With Amgen, we are planning to initiate a phase III study of KHK4083 in the first half of 2022. We will also explore the potential use of KHK4083 in indications beyond atopic dermatitis. Next, let me talk about Zandelisib. Zandelisib is a good fit with our hemato oncology portfolio, which includes Poteligeo. Zandelisib is a selective PI3K delta inhibitor being studied initially as a third-line treatment of relapsed or refractory follicular lymphoma in the U.S. where there are more than 8,000 patients. Zandelisib has innovative molecular and biologic properties that show the potential to avoid safety issues that are common among other PI3K treatments. On November 4, 2021, FDA granted orphan drug designation to Zandelisib for follicular lymphoma. For the pivotal phase II TIDAL study, top-line data was obtained in fourth quarter last year.
We see this as a very positive result, and I am looking forward to this drug. Together with MEI Pharma, we look forward to sharing more details of the study with you at one of the medical meetings this year. We are actively planning and considering additional studies to explore the full potential of Zandelisib as a backbone therapy for various B-cell malignancy treatment.
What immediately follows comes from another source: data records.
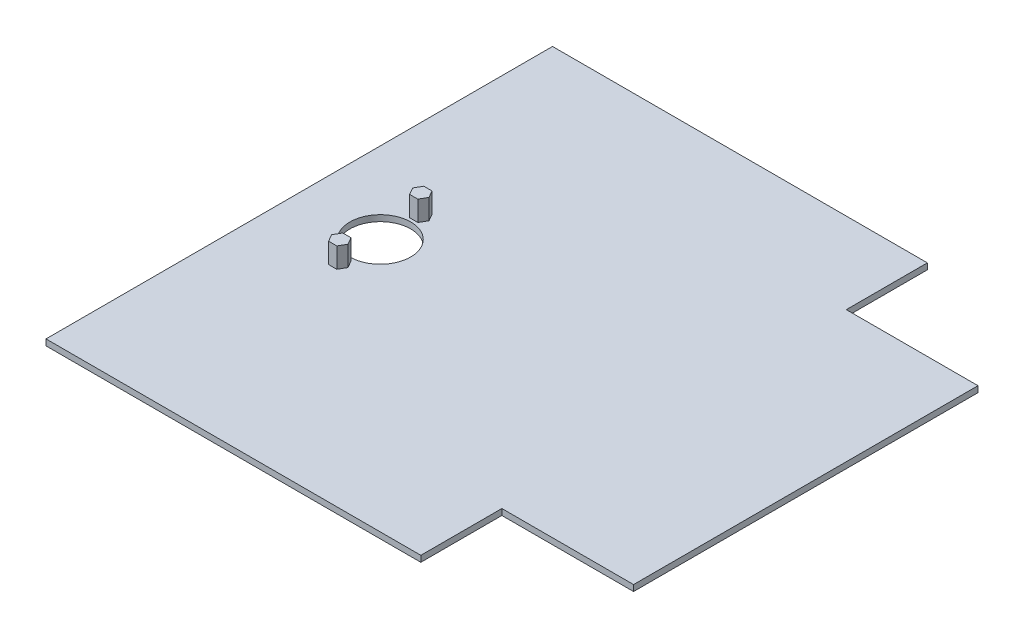
SolidWorks part; units mm, degrees
ref_plane "Front Plane" through (0, 0, 0) normal (0, 0, 1) x (1, 0, 0)
ref_plane "Top Plane" through (0, 0, 0) normal (0, 1, 0) x (1, 0, 0)
ref_plane "Right Plane" through (0, 0, 0) normal (1, 0, 0) x (0, 0, -1)
sketch "Sketch1" plane through (0, 0, 0) normal (0, 1, 0) x (1, 0, 0)
  line L1 (0, 0) -> (185, 0)
  line L2 (0, 0) -> (0, 250)
  line L3 (0, 250) -> (185, 250)
  line L4 (250, 40) -> (250, 210)
  line L6 (185, 0) -> (185, 40)
  line L7 (185, 40) -> (250, 40)
  line L11 (250, 210) -> (185, 210)
  line L12 (185, 250) -> (185, 210)
  circle A0 centre (40, 125) radius 15
  point P11 (0, 125)
  point P21 (0, 0)
  dimension "D7" = 30
  dimension "D1" = 0
  dimension "D2" = 250
  dimension "D3" = 65
  dimension "D4" = 40
  dimension "D5" = 65
  dimension "D6" = 40
  dimension "D8" = 40
extrude "Boss-Extrude2" add sketch "Sketch1" along normal blind 3
sketch "Sketch2" plane through (0, 3, 0) normal (0, 1, 0) x (1, 0, 0)
  line L0 (0, 250) -> (0, 0) construction
  line L1 (44.0415, 145) -> (42.0207, 148.5)
  line L2 (42.0207, 148.5) -> (37.9793, 148.5)
  line L3 (37.9793, 148.5) -> (35.9585, 145)
  line L4 (35.9585, 145) -> (37.9793, 141.5)
  line L5 (37.9793, 141.5) -> (42.0207, 141.5)
  line L6 (42.0207, 141.5) -> (44.0415, 145)
  line L7 (44.0415, 105) -> (42.0207, 108.5)
  line L8 (42.0207, 108.5) -> (37.9793, 108.5)
  line L9 (37.9793, 108.5) -> (35.9585, 105)
  line L10 (35.9585, 105) -> (37.9793, 101.5)
  line L11 (37.9793, 101.5) -> (42.0207, 101.5)
  line L12 (42.0207, 101.5) -> (44.0415, 105)
  circle A0 centre (40, 145) radius 3.5 construction
  circle A1 centre (40, 105) radius 3.5 construction
  point P18 (0, 125)
  dimension "D1" = 40
  dimension "D2" = 20
  dimension "D3" = 7
  dimension "D4" = 7
  dimension "D5" = 40
extrude "Boss-Extrude3" add sketch "Sketch2" along normal blind 10

Next, I would like to talk about Bardoxolone methyl, known as RTA 402. The number of patients on dialysis is increasing in Japan and diabetic nephropathy is the leading cause of the new dialysis cases.
Given this bardoxolone methyl has opportunities as it activates the system that plays an important role in defense responses against oxidative stress as its convincing clinical data and priority review designation support its potential market opportunity in Japan and as it could be the first drug addressing the need for renal function protection and improvement. The phase II TSUBAKI study showed improvement in glomerular filtration rate, GFR, a major indicator of kidney filtration function by direct measurement, and there were no severe safety issues. We are pleased to be able to create a drug with such a new effect as no drug has ever shown data to improve GFR until now. The phase III AYAME study is scheduled to be complete this year, and then the top-line data is available. There are various catalysts for 2022, so please stay tuned.
In particular, I hope you will look forward to starts of several phase III clinical trials, including KHK4083 and KW-6356. We will announce in a timely manner when phase III studies actually start. Here is today's last section. We will make a firm commitment to sustainable growth through 2030. On top of the three main products that we continue to expand, we hope to introduce next generation products and more innovative technologies to support the future of Kyowa Kirin. In order to do so, we will work on open innovation by developing our own technologies as well as successfully incorporating useful technologies from outside. We will surely produce life-changing value that will make patients smile. We will continue to strive for this goal.
For the next four years, we will manage our business according to the quantitative KPIs shown here. We are continuously carrying out activities to deliver life-changing value to even more people by challenging ourselves in the ongoing creation of innovation required by patients. Thank you very much for your time and attention for Kyowa Kirin.